Ranitidine is an H2 (histamine-2) blocker. It is designed to reduce the amount of acid in the stomach. Zantac was the most popular version of this medication sold in pharmacies throughout the world. Investigations of the drug revealed NDMA was found in the product.
NDMA is a known environmental contaminant and is found in water and foods, including meats, dairy products and vegetables. In large amounts, NDMA can cause health problems, but the FDA said the levels it initially found in ranitidine were low. However, with concerns that the levels could increase over time while in storage, the prudent thing to do was remove them from the market.
Sanofi Downplays Risks of Litigation
NDMA contamination isn’t limited to ranitidine. The FDA has previously issued warnings about NDMA contamination in various blood pressure treatments. Those concerns led to companies like Teva Pharmaceuticals issuing a recall of bulk Losartan Potassium after NDMA was discovered in the manufacturing process.
While none of the three companies replied to Bloomberg’s request for comment on the litigation, last month, France-based Sanofi, facing more than 70,000 complaints, downplayed the risks of litigation during its earnings call. Company officials said there is “no reliable evidence” that its Zantac product, at one time the best-selling medicine, causes cancer. Sanofi suggested that plaintiffs will have a difficult time proving their case in court, Bloomberg reported.

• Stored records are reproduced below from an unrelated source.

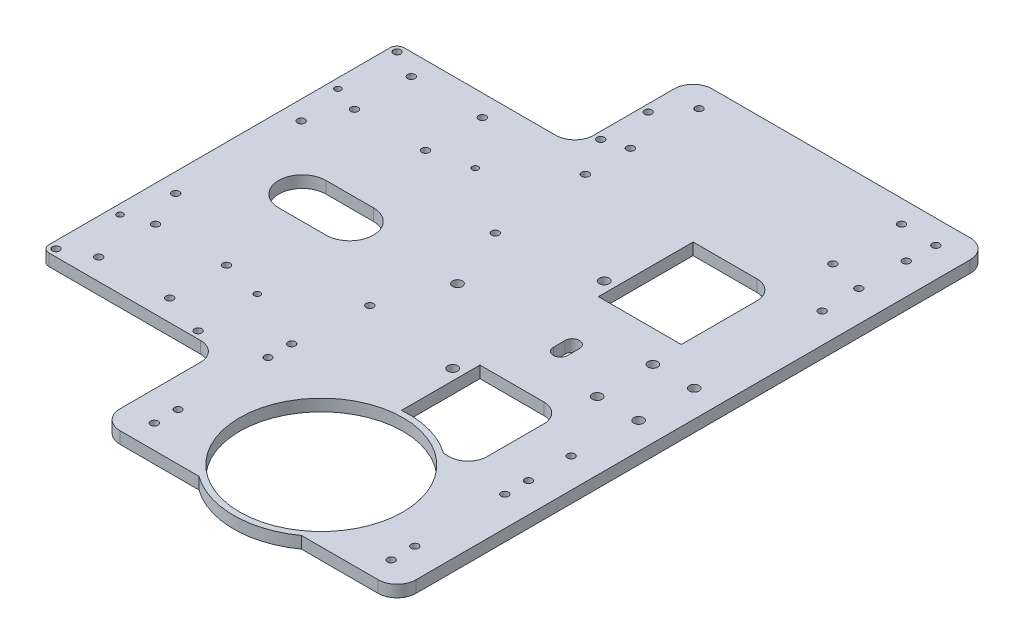
from build123d import *

# Parameters (mm, degrees)
SKETCH_1_W               = 200
SKETCH_1_H               = 250
EXTRUDE_1_DEPTH          = 5
SKETCH_2_W               = 150
SKETCH_2_H               = 100
CUT_EXTRUDE_1_DEPTH      = 10
SKETCH_3_R               = 1.55
CUT_EXTRUDE_2_DEPTH      = 10
CUT_EXTRUDE_3_DEPTH      = 10
CUT_EXTRUDE_3_DEPTH_BACK = 5
SKETCH_6_R               = 2.05
SKETCH_6_W               = 35
SKETCH_6_H               = 40
SKETCH_7_R               = 35
CUT_EXTRUDE_4_DEPTH      = 5
SKETCH_8_R               = 2.05
CUT_EXTRUDE_5_DEPTH      = 161.15617378
SKETCH_10_R              = 1.55
CUT_EXTRUDE_6_DEPTH      = 10
SKETCH_11_R              = 1.55
CUT_EXTRUDE_7_DEPTH      = 5
SKETCH_14_R              = 1.55
CUT_EXTRUDE_10_DEPTH     = 5
SKETCH_16_R              = 1.3
CUT_EXTRUDE_11_DEPTH     = 5
SKETCH_18_R              = 34.5
EXTRUDE_2_DEPTH          = 5
FILLET_1_R               = 8
SKETCH_19_R              = 1.55
CUT_EXTRUDE_12_DEPTH     = 10
SKETCH_20_R              = 1.55
CUT_EXTRUDE_13_DEPTH     = 10
CUT_EXTRUDE_14_DEPTH     = 10
FILLET_2_R               = 3
FILLET_3_R               = 8
CUT_EXTRUDE_15_DEPTH     = 10
SKETCH_23_R              = 1.55
CUT_EXTRUDE_16_DEPTH     = 10
SKETCH_24_R              = 1.55
CUT_EXTRUDE_17_DEPTH     = 10


with BuildPart() as part:
    # 草图1 → 凸台-拉伸1 (new body)
    with BuildSketch(Plane(origin=(0, 0, 0), x_dir=(1, 0, 0), z_dir=(0, 1, 0))):
        Rectangle(SKETCH_1_W, SKETCH_1_H)
    extrude(amount=EXTRUDE_1_DEPTH)

    # 草图2 → 切除-拉伸1 (cut)
    with BuildSketch(Plane(origin=(0, 5, 0), x_dir=(1, 0, 0), z_dir=(0, 1, 0))):
        with Locations((-100, 125)):
            Rectangle(SKETCH_2_W, SKETCH_2_H)
        with Locations((-100, -125)):
            Rectangle(SKETCH_2_W, SKETCH_2_H)
    extrude(amount=-CUT_EXTRUDE_1_DEPTH, mode=Mode.SUBTRACT)

    # 草图3 → 切除-拉伸2 (cut)
    with BuildSketch(Plane(origin=(0, 0, 0), x_dir=(-1, 0, 0), z_dir=(0, -1, 0))):
        with Locations(Location((85, 66, 0), (0, 0, 90))):
            Circle(SKETCH_3_R)
        with Locations(Location((55, 66, 0), (0, 0, 90))):
            Circle(SKETCH_3_R)
        with Locations(Location((55, 42, 0), (0, 0, 90))):
            Circle(SKETCH_3_R)
        with Locations(Location((85, 42, 0), (0, 0, 90))):
            Circle(SKETCH_3_R)
        with Locations(Location((55, -42, 0), (0, 0, 90))):
            Circle(SKETCH_3_R)
        with Locations(Location((85, -42, 0), (0, 0, 90))):
            Circle(SKETCH_3_R)
        with Locations(Location((55, -66, 0), (0, 0, 90))):
            Circle(SKETCH_3_R)
        with Locations(Location((85, -66, 0), (0, 0, 90))):
            Circle(SKETCH_3_R)
    extrude(amount=-CUT_EXTRUDE_2_DEPTH, mode=Mode.SUBTRACT)

    # 草图6 → 切除-拉伸3 (cut, two sides: drawn at the far end of the back side and taken through both)
    with BuildSketch(Plane(origin=(0, 0, 0), x_dir=(-1, 0, 0), z_dir=(0, -1, 0)).offset(-CUT_EXTRUDE_3_DEPTH_BACK)):
        with Locations(Location((-30.5, 32, 0), (0, 0, 270))):
            Circle(SKETCH_6_R)
        with Locations(Location((-0.5, 0, 0), (0, 0, 270))):
            Circle(SKETCH_6_R)
        with Locations(Location((-30.5, -32, 0), (0, 0, 270))):
            Circle(SKETCH_6_R)
        with Locations((-52.5, -45)):
            Rectangle(SKETCH_6_W, SKETCH_6_H)
        with Locations((-52.5, 45)):
            Rectangle(SKETCH_6_W, SKETCH_6_H)
    extrude(amount=CUT_EXTRUDE_3_DEPTH + CUT_EXTRUDE_3_DEPTH_BACK, mode=Mode.SUBTRACT)

    # 草图7 → 切除-拉伸4 (cut)
    with BuildSketch(Plane(origin=(0, 0, 0), x_dir=(-1, 0, 0), z_dir=(0, -1, 0))):
        with Locations((-38, -95)):
            Circle(SKETCH_7_R)
    extrude(amount=-CUT_EXTRUDE_4_DEPTH, mode=Mode.SUBTRACT)

    # 草图8 → 切除-拉伸5 (cut, through all)
    with BuildSketch(Plane(origin=(0, 5, 0), x_dir=(1, 0, 0), z_dir=(0, 1, 0))):
        with Locations(Location((71.25, 11.75, 0), (0, 0, 270))):
            Circle(SKETCH_8_R)
        with Locations(Location((88.75, 11.75, 0), (0, 0, 270))):
            Circle(SKETCH_8_R)
        with Locations(Location((88.75, -11.75, 0), (0, 0, 270))):
            Circle(SKETCH_8_R)
        with Locations(Location((71.25, -11.75, 0), (0, 0, 270))):
            Circle(SKETCH_8_R)
    extrude(amount=-CUT_EXTRUDE_5_DEPTH, mode=Mode.SUBTRACT)

    # 草图10 → 切除-拉伸6 (cut)
    with BuildSketch(Plane(origin=(0, 5, 0), x_dir=(1, 0, 0), z_dir=(0, 1, 0))):
        with Locations(Location((-12.5, -67, 0), (0, 0, 270))):
            Circle(SKETCH_10_R)
        with Locations(Location((-12.5, -115, 0), (0, 0, 270))):
            Circle(SKETCH_10_R)
        with Locations(Location((87.5, -67, 0), (0, 0, 270))):
            Circle(SKETCH_10_R)
        with Locations(Location((87.5, -115, 0), (0, 0, 270))):
            Circle(SKETCH_10_R)
    extrude(amount=-CUT_EXTRUDE_6_DEPTH, mode=Mode.SUBTRACT)

    # 草图11 → 切除-拉伸7 (cut)
    with BuildSketch(Plane(origin=(0, 5, 0), x_dir=(1, 0, 0), z_dir=(0, 1, 0))):
        with Locations(Location((87.5, 115, 0), (0, 0, 270))):
            Circle(SKETCH_11_R)
        with Locations(Location((87.5, 67, 0), (0, 0, 270))):
            Circle(SKETCH_11_R)
        with Locations(Location((-12.5, 115, 0), (0, 0, 270))):
            Circle(SKETCH_11_R)
        with Locations(Location((-12.5, 67, 0), (0, 0, 270))):
            Circle(SKETCH_11_R)
    extrude(amount=-CUT_EXTRUDE_7_DEPTH, mode=Mode.SUBTRACT)

    # 草图14 → 切除-拉伸10 (cut)
    with BuildSketch(Plane(origin=(0, 5, 0), x_dir=(1, 0, 0), z_dir=(0, 1, 0))):
        with Locations(Location((-92, -26.5, 0), (0, 0, 270))):
            Circle(SKETCH_14_R)
        with Locations(Location((-92, 26.5, 0), (0, 0, 270))):
            Circle(SKETCH_14_R)
        with Locations(Location((-10, 26.5, 0), (0, 0, 270))):
            Circle(SKETCH_14_R)
        with Locations(Location((-10, -26.5, 0), (0, 0, 270))):
            Circle(SKETCH_14_R)
    extrude(amount=-CUT_EXTRUDE_10_DEPTH, mode=Mode.SUBTRACT)

    # 草图16 → 切除-拉伸11 (cut)
    with BuildSketch(Plane(origin=(0, 5, 0), x_dir=(1, 0, 0), z_dir=(0, 1, 0))):
        with Locations(Location((-96, 46, 0), (0, 0, 270))):
            Circle(SKETCH_16_R)
        with Locations(Location((-38, 46, 0), (0, 0, 270))):
            Circle(SKETCH_16_R)
        with Locations(Location((-38, -46, 0), (0, 0, 270))):
            Circle(SKETCH_16_R)
        with Locations(Location((-96, -46, 0), (0, 0, 270))):
            Circle(SKETCH_16_R)
    extrude(amount=-CUT_EXTRUDE_11_DEPTH, mode=Mode.SUBTRACT)

    # 草图18 → 凸台-拉伸2 (add)
    with BuildSketch(Plane(origin=(0, 5, 0), x_dir=(1, 0, 0), z_dir=(0, 1, 0))):
        with BuildLine():
            ThreePointArc((35, -58.121822171), (12.920127592, -122.202941017), (75, -95))
            ThreePointArc((75, -95), (70.982039506, -78.231426118), (59.800807024, -65.104769392))
            ThreePointArc((59.800807024, -65.104769392), (48.0278599, -59.38480625), (35, -58.121822171))
        make_face()
        with Locations(Location((38, -95, 0), (0, 0, 270))):
            Circle(SKETCH_18_R, mode=Mode.SUBTRACT)
    extrude(amount=-EXTRUDE_2_DEPTH)

    # 圆角1
    fillet_1_edges = [part.edges().sort_by_distance(p)[0] for p in [
        (70, 2.5, -65),
        (70, 2.5, 25),
        (70, 2.5, 65),
    ]]
    fillet(fillet_1_edges, radius=FILLET_1_R)

    # 草图19 → 切除-拉伸12 (cut)
    with BuildSketch(Plane(origin=(0, 5, 0), x_dir=(1, 0, 0), z_dir=(0, 1, 0))):
        with Locations(Location((-97, 72, 0), (0, 0, 270))):
            Circle(SKETCH_19_R)
        with Locations(Location((-97, -72, 0), (0, 0, 270))):
            Circle(SKETCH_19_R)
    extrude(amount=-CUT_EXTRUDE_12_DEPTH, mode=Mode.SUBTRACT)

    # 草图20 → 切除-拉伸13 (cut)
    with BuildSketch(Plane(origin=(0, 5, 0), x_dir=(1, 0, 0), z_dir=(0, 1, 0))):
        with Locations(Location((72.498529399, 115.5, 0), (0, 0, 270))):
            Circle(SKETCH_20_R)
        with Locations(Location((72.5, 86.5, 0), (0, 0, 270))):
            Circle(SKETCH_20_R)
        with Locations(Location((87, 103, 0), (0, 0, 270))):
            Circle(SKETCH_20_R)
        with Locations(Location((87, 83, 0), (0, 0, 270))):
            Circle(SKETCH_20_R)
        with Locations(Location((-22, 103, 0), (0, 0, 270))):
            Circle(SKETCH_20_R)
        with Locations(Location((-22, 83, 0), (0, 0, 270))):
            Circle(SKETCH_20_R)
        with Locations(Location((-12.5, 86, 0), (0, 0, 270))):
            Circle(SKETCH_20_R)
    extrude(amount=-CUT_EXTRUDE_13_DEPTH, mode=Mode.SUBTRACT)

    # 草图21 → 切除-拉伸14 (cut)
    with BuildSketch(Plane(origin=(0, 5, 0), x_dir=(1, 0, 0), z_dir=(0, 1, 0))):
        with BuildLine():
            Line((-65, 10), (-45, 10))
            ThreePointArc((-45, 10), (-35, 0), (-45, -10))
            Line((-45, -10), (-65, -10))
            ThreePointArc((-65, -10), (-75, 0), (-65, 10))
        make_face()
    extrude(amount=-CUT_EXTRUDE_14_DEPTH, mode=Mode.SUBTRACT)

    # 圆角2
    fillet_2_edges = [part.edges().sort_by_distance(p)[0] for p in [
        (-100, 2.5, -75),
        (-100, 2.5, 75),
    ]]
    fillet(fillet_2_edges, radius=FILLET_2_R)

    # 圆角3
    fillet_3_edges = [part.edges().sort_by_distance(p)[0] for p in [
        (-25, 2.5, -125),
        (-25, 2.5, -75),
        (-25, 2.5, 125),
        (-25, 2.5, 75),
        (100, 2.5, 125),
        (100, 2.5, -125),
    ]]
    fillet(fillet_3_edges, radius=FILLET_3_R)

    # 草图22 → 切除-拉伸15 (cut)
    with BuildSketch(Plane(origin=(0, 0, 0), x_dir=(-1, 0, 0), z_dir=(0, -1, 0))):
        with BuildLine():
            Line((-44, 2), (-44, -3))
            ThreePointArc((-44, -3), (-47, -6), (-50, -3))
            Line((-50, -3), (-50, 2))
            ThreePointArc((-50, 2), (-47, 5), (-44, 2))
        make_face()
    extrude(amount=-CUT_EXTRUDE_15_DEPTH, mode=Mode.SUBTRACT)

    # 草图23 → 切除-拉伸16 (cut)
    with BuildSketch(Plane(origin=(0, 5, 0), x_dir=(1, 0, 0), z_dir=(0, 1, 0))):
        with Locations(Location((87.5, -39, 0), (0, 0, 270))):
            Circle(SKETCH_23_R)
        with Locations(Location((-37, -72, 0), (0, 0, 270))):
            Circle(SKETCH_23_R)
    extrude(amount=-CUT_EXTRUDE_16_DEPTH, mode=Mode.SUBTRACT)

    # 草图24 → 切除-拉伸17 (cut)
    with BuildSketch(Plane(origin=(0, 5, 0), x_dir=(1, 0, 0), z_dir=(0, 1, 0))):
        with Locations(Location((87.5, -105, 0), (0, 0, 270))):
            Circle(SKETCH_24_R)
        with Locations(Location((-12.5, -105, 0), (0, 0, 270))):
            Circle(SKETCH_24_R)
        with Locations(Location((87.5, -57, 0), (0, 0, 270))):
            Circle(SKETCH_24_R)
        with Locations(Location((-12.5, -57, 0), (0, 0, 270))):
            Circle(SKETCH_24_R)
    extrude(amount=-CUT_EXTRUDE_17_DEPTH, mode=Mode.SUBTRACT)


solid = part.part

Later Thursday, Sanofi issued a statement calling the news flow surrounding the Zantac litigation “highly speculative.” Sanofi also stated that “there have not been any material developments” and that the company remains confident in its legal defenses.
In its own statement, GSK focused on the science. “FDA and EMA have concluded there is no evidence of a causal association between ranitidine therapy and the development of cancer,” company representatives said. The statement also reiterated Sanofi’s claim that there have been no new material developments.
Last year, there was public outcry over allegations of deleted emails at Sanofi that plaintiffs say could have shown the company knew about the carcinogens but chose to ignore them to protect sales. Sanofi was conducting an internal investigation into the loss of emails, many of which are alleged to have been tied to Michael Bailey, the former head of regulatory affairs for Sanofi’s U.S. Consumer Healthcare division. Bailey is now head of scientific affairs for North America in the company’s consumer health business.
Prior to its official spinout from GSK, Haleon noted it has “certain indemnification obligations to GSK and Pfizer” related to ranitidine and other potential issues. Because of this, some analysts suggest Haleon’s role in litigation will be limited, Bloomberg reported.